A few first-order statistics in Julia supporting three update modes: incremental (single observations), batch (multiple observations at once), and aggregate (combining statistics). Constant memory complexity independent of the number of observations.
Supports:
- mean / variance
- covariance / pearson's correlation
- welch's t-statistic
These implementations are constant memory, i.e. the internal state size is independent of the number of observations fed into it. There are other Julia packages that do (way more) incremental statistics, for example OnlineStats. The difference with OnlineStats that it does not do batch updates. Updates of batches of observations are faster than single observation updates.
First, a Pearson correlation example.
using BatchStats
nx = 13
ny = 15
batchsize = 128
ic = BatchCorrelation(nx, ny, batchsize)
# incremental update
add!(ic, rand(nx), rand(ny))
# batch update
add!(ic, rand(nx, batchsize), rand(ny, batchsize))
# you can add less than batchsize but not more, in one call
add!(ic, rand(nx, batchsize - 10), rand(ny, batchsize - 10))
# get the correlation statistic
Cr = getCorrelation(ic)
# or the covariance matrix
Cv = getCovariance(ic)
# or the means and variances
Mx = getMeanX(ic)
My = getMeanY(ic)
Vx = getVarianceX(ic)
Vy = getVarianceY(ic)If you just want a replacement for the Statistics correlation cor (or variance var), you can do the following. Note that cor and var are not exported so to not conflict the Statistics versions.
import BatchStats
nx = 100
ny = 75
nobservations = 1000
X = rand(nx,nobservations)
Y = rand(ny,nobservations)
result = BatchStats.cor(X, Y; dims = 2)Let's compare the cor correlation function performance againsts Statistics. Time-wise we can get close, memory wise we will win.

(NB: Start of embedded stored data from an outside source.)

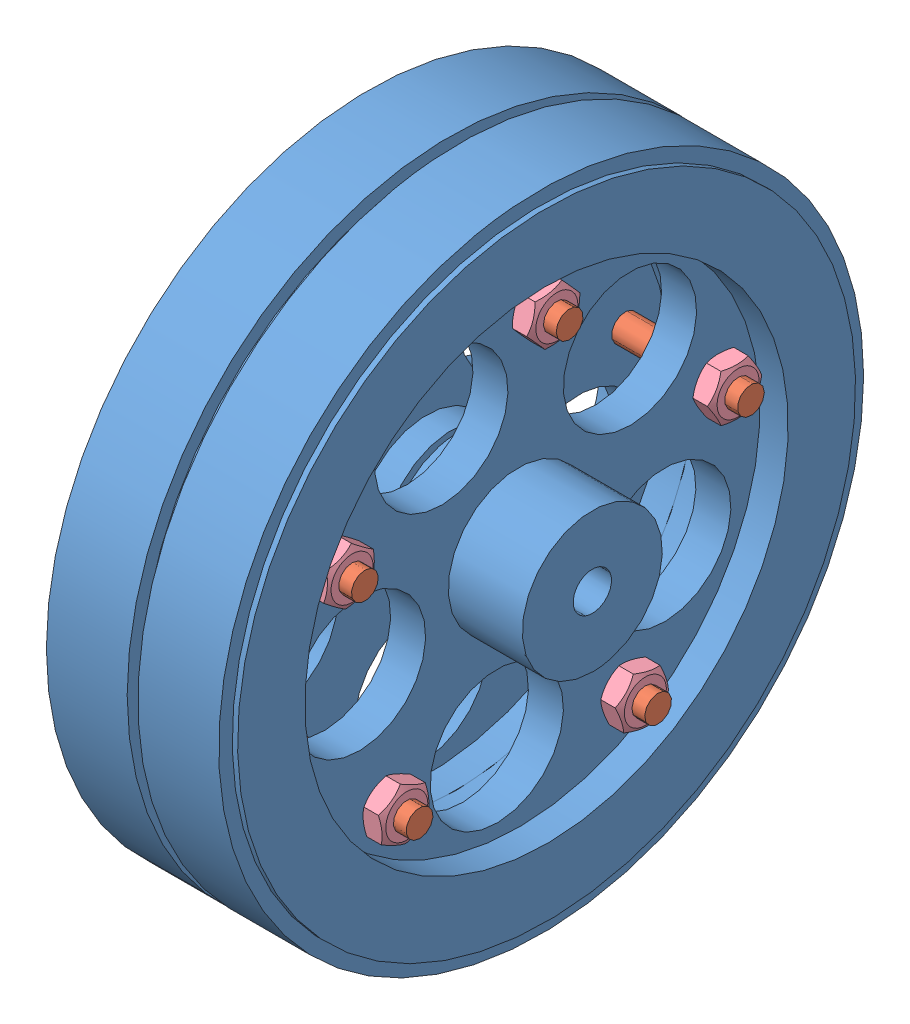
SolidWorks assembly MACM010300_DrivingWheel, configuration 默认. Lengths in mm.
Overall size (40.8 108.78 108.78).
17 component instances, 4 part files, 9 mates.
Components (placement in the parent):
- MACM010301_DrivingWheel-1: MACM010301_DrivingWheel [默认] at (-30.5506 -9.9077 91.7141) size (20.4 95.8 95.8)
- MACM010301_DrivingWheel-2: MACM010301_DrivingWheel [默认] at (-16.9506 -9.9077 91.7141) x (-1 0 0) z (0 -0.989252 -0.146219) size (20.4 95.8 95.8)
- GB_CROSS_SCREWS_TYPE1 M4X25-25  H type-N-1: GB_CROSS_SCREWS_TYPE1 M4X25-25  H type-N [GB_CROSS_SCREWS_TYPE1 M4X25-25  H type-N] at (-37.3506 -2.9981 62.2638) size (28.07 8 8)
- GB_FASTENER_WASHER_SW 4-1: GB_FASTENER_WASHER_SW 4 [GB_FASTENER_WASHER_SW 4] at (-33.1506 -2.9981 62.2638) x (0 0 -1) z (1 0 0) size (6.6 6.6 1.1)
- GB_FASTENER_NUT_SNAB1 M4-N-1: GB_FASTENER_NUT_SNAB1 M4-N [GB_FASTENER_NUT_SNAB1 M4-N] at (-14.3506 -2.9981 62.2638) x (0 0 1) z (-1 0 0) size (8.08 7 3.2)
- GB_FASTENER_NUT_SNAB1 M4-N-2: GB_FASTENER_NUT_SNAB1 M4-N [GB_FASTENER_NUT_SNAB1 M4-N] at (-14.3506 -35.7814 76.042) x (0 0.951057 0.309017) z (-1 0 0) size (8.08 7 3.2)
- GB_FASTENER_NUT_SNAB1 M4-N-3: GB_FASTENER_NUT_SNAB1 M4-N [GB_FASTENER_NUT_SNAB1 M4-N] at (-14.3506 -32.8082 111.4785) x (0 0.587785 -0.809017) z (-1 0 0) size (8.08 7 3.2)
- GB_FASTENER_NUT_SNAB1 M4-N-4: GB_FASTENER_NUT_SNAB1 M4-N [GB_FASTENER_NUT_SNAB1 M4-N] at (-14.3506 1.8127 119.6012) x (0 -0.587785 -0.809017) z (-1 0 0) size (8.08 7 3.2)
- GB_FASTENER_NUT_SNAB1 M4-N-5: GB_FASTENER_NUT_SNAB1 M4-N [GB_FASTENER_NUT_SNAB1 M4-N] at (-14.3506 20.2364 89.1849) x (0 -0.951057 0.309017) z (-1 0 0) size (8.08 7 3.2)
- GB_FASTENER_WASHER_SW 4-2: GB_FASTENER_WASHER_SW 4 [GB_FASTENER_WASHER_SW 4] at (-33.1506 -35.7814 76.042) x (0 -0.951057 -0.309017) z (1 0 0) size (6.6 6.6 1.1)
- GB_FASTENER_WASHER_SW 4-3: GB_FASTENER_WASHER_SW 4 [GB_FASTENER_WASHER_SW 4] at (-33.1506 -32.8082 111.4785) x (0 -0.587785 0.809017) z (1 0 0) size (6.6 6.6 1.1)
- GB_FASTENER_WASHER_SW 4-4: GB_FASTENER_WASHER_SW 4 [GB_FASTENER_WASHER_SW 4] at (-33.1506 1.8127 119.6012) x (0 0.587785 0.809017) z (1 0 0) size (6.6 6.6 1.1)
- GB_FASTENER_WASHER_SW 4-5: GB_FASTENER_WASHER_SW 4 [GB_FASTENER_WASHER_SW 4] at (-33.1506 20.2364 89.1849) x (0 0.951057 -0.309017) z (1 0 0) size (6.6 6.6 1.1)
- GB_CROSS_SCREWS_TYPE1 M4X25-25  H type-N-2: GB_CROSS_SCREWS_TYPE1 M4X25-25  H type-N [GB_CROSS_SCREWS_TYPE1 M4X25-25  H type-N] at (-37.3506 -35.7814 76.042) x (1 0 0) z (0 0.951057 0.309017) size (28.07 8 8)
- GB_CROSS_SCREWS_TYPE1 M4X25-25  H type-N-3: GB_CROSS_SCREWS_TYPE1 M4X25-25  H type-N [GB_CROSS_SCREWS_TYPE1 M4X25-25  H type-N] at (-37.3506 -32.8082 111.4785) x (1 0 0) z (0 0.587785 -0.809017) size (28.07 8 8)
- GB_CROSS_SCREWS_TYPE1 M4X25-25  H type-N-4: GB_CROSS_SCREWS_TYPE1 M4X25-25  H type-N [GB_CROSS_SCREWS_TYPE1 M4X25-25  H type-N] at (-37.3506 1.8127 119.6012) x (1 0 0) z (0 -0.587785 -0.809017) size (28.07 8 8)
- GB_CROSS_SCREWS_TYPE1 M4X25-25  H type-N-5: GB_CROSS_SCREWS_TYPE1 M4X25-25  H type-N [GB_CROSS_SCREWS_TYPE1 M4X25-25  H type-N] at (-37.3506 20.2364 89.1849) x (1 0 0) z (0 -0.951057 0.309017) size (28.07 8 8)
Mates (geometry in assembly coordinates):
- 重合1: coincident anti-aligned: plane of MACM010301_DrivingWheel-1 through (-23.7506 -9.9077 91.7141) normal (1 0 0); plane of MACM010301_DrivingWheel-2 through (-23.7506 -9.9077 91.7141) normal (-1 0 0)
- 同心1: concentric anti-aligned: cylinder of MACM010301_DrivingWheel-1 through (-44.1506 20.2364 89.1849) axis (1 0 0) radius 1.8; cylinder of MACM010301_DrivingWheel-2 through (-3.3506 20.2364 89.1849) axis (-1 0 0) radius 1.8
- 同心2: concentric anti-aligned: cylinder of MACM010301_DrivingWheel-1 through (-37.3506 -9.9077 91.7141) axis (1 0 0) radius 2.85; cylinder of MACM010301_DrivingWheel-2 through (-10.1506 -9.9077 91.7141) axis (-1 0 0) radius 2.85
- 同心3: concentric aligned: cylinder of MACM010301_DrivingWheel-1 through (-44.1506 -2.9981 62.2638) axis (1 0 0) radius 1.8; cylinder of GB_CROSS_SCREWS_TYPE1 M4X25-25  H type-N-1 through (-32.8348 -2.9981 62.2638) axis (1 0 0) radius 2
- 同心4: concentric aligned: cylinder of GB_CROSS_SCREWS_TYPE1 M4X25-25  H type-N-1 through (-32.8348 -2.9981 62.2638) axis (1 0 0) radius 2; cylinder of GB_FASTENER_WASHER_SW 4-1 through (-34.2506 -2.9981 62.2638) axis (1 0 0) radius 2.2
- 重合2: coincident anti-aligned: plane of GB_CROSS_SCREWS_TYPE1 M4X25-25  H type-N-1 through (-34.2506 -0.6481 62.2638) normal (1 0 0); plane of GB_FASTENER_WASHER_SW 4-1 through (-34.2506 -2.9981 62.2638) normal (-1 0 0)
- 重合3: coincident anti-aligned: plane of MACM010301_DrivingWheel-1 through (-33.1506 -9.9077 91.7141) normal (-1 0 0); plane of GB_FASTENER_WASHER_SW 4-1 through (-33.1506 -2.9981 62.2638) normal (1 0 0)
- 同心5: concentric anti-aligned: cylinder of GB_CROSS_SCREWS_TYPE1 M4X25-25  H type-N-1 through (-32.8348 -2.9981 62.2638) axis (1 0 0) radius 2; cylinder of GB_FASTENER_NUT_SNAB1 M4-N-1 through (-11.1506 -2.9981 62.2638) axis (-1 0 0) radius 1.621
- 重合4: coincident anti-aligned: plane of MACM010301_DrivingWheel-2 through (-14.3506 -9.9077 91.7141) normal (1 0 0); plane of GB_FASTENER_NUT_SNAB1 M4-N-1 through (-14.3506 -2.9981 66.3052) normal (-1 0 0)

We'll use a large dummy array: the contents are deterministic but not stored in memory.
import Statistics
import BatchStats
include(pkgdir(BatchStats) * "/test/lazydummyarray.jl")
nx = 10_000
ny = 7_000
nobservations = 100_000
X = LazyDummyArray((nx,nobservations), 0x42)
Y = LazyDummyArray((ny,nobservations), 0x42)
# run both for precompilation and compare outputs
result = BatchStats.cor(X, Y; dims = 2, batchsize = 2048)
@assert Statistics.cor(X, Y; dims = 2) ≈ BatchStats.getCorrelation(result)
@time Statistics.cor(X, Y; dims = 2); nothing
@time BatchStats.cor(X, Y; dims = 2, batchsize = 2048); nothingOn an Intel i9-14900K I see this:
julia> versioninfo()
Julia Version 1.11.6
Commit 9615af0f269 (2025-07-09 12:58 UTC)
Build Info:
Official https://julialang.org/ release
Platform Info:
OS: Linux (x86_64-linux-gnu)
CPU: 32 × Intel(R) Core(TM) i9-14900K
WORD_SIZE: 64
LLVM: libLLVM-16.0.6 (ORCJIT, alderlake)
Threads: 1 default, 0 interactive, 1 GC (on 32 virtual cores)
julia> @time Statistics.cor(X, Y; dims = 2); nothing
36.750268 seconds (33 allocations: 13.188 GiB, 0.07% gc time)
julia> @time BatchStats.cor(X, Y; dims = 2, batchsize = 2048); nothing
36.121666 seconds (53 allocations: 800.212 MiB, 0.70% gc time)
On a Mac Air M3 from 2023 Stastistics.cor starts swapping, but the BatchStats.cor still makes it.
julia> versioninfo()
Julia Version 1.11.6
Commit 9615af0f269 (2025-07-09 12:58 UTC)
Build Info:
Official https://julialang.org/ release
Platform Info:
OS: macOS (arm64-apple-darwin24.0.0)
CPU: 8 × Apple M3
WORD_SIZE: 64
LLVM: libLLVM-16.0.6 (ORCJIT, apple-m2)
Threads: 1 default, 0 interactive, 1 GC (on 4 virtual cores)
julia> @time BatchStats.cor(X, Y; dims = 2, batchsize = 2048); nothing
100.757170 seconds (53 allocations: 800.315 MiB, 0.06% gc time)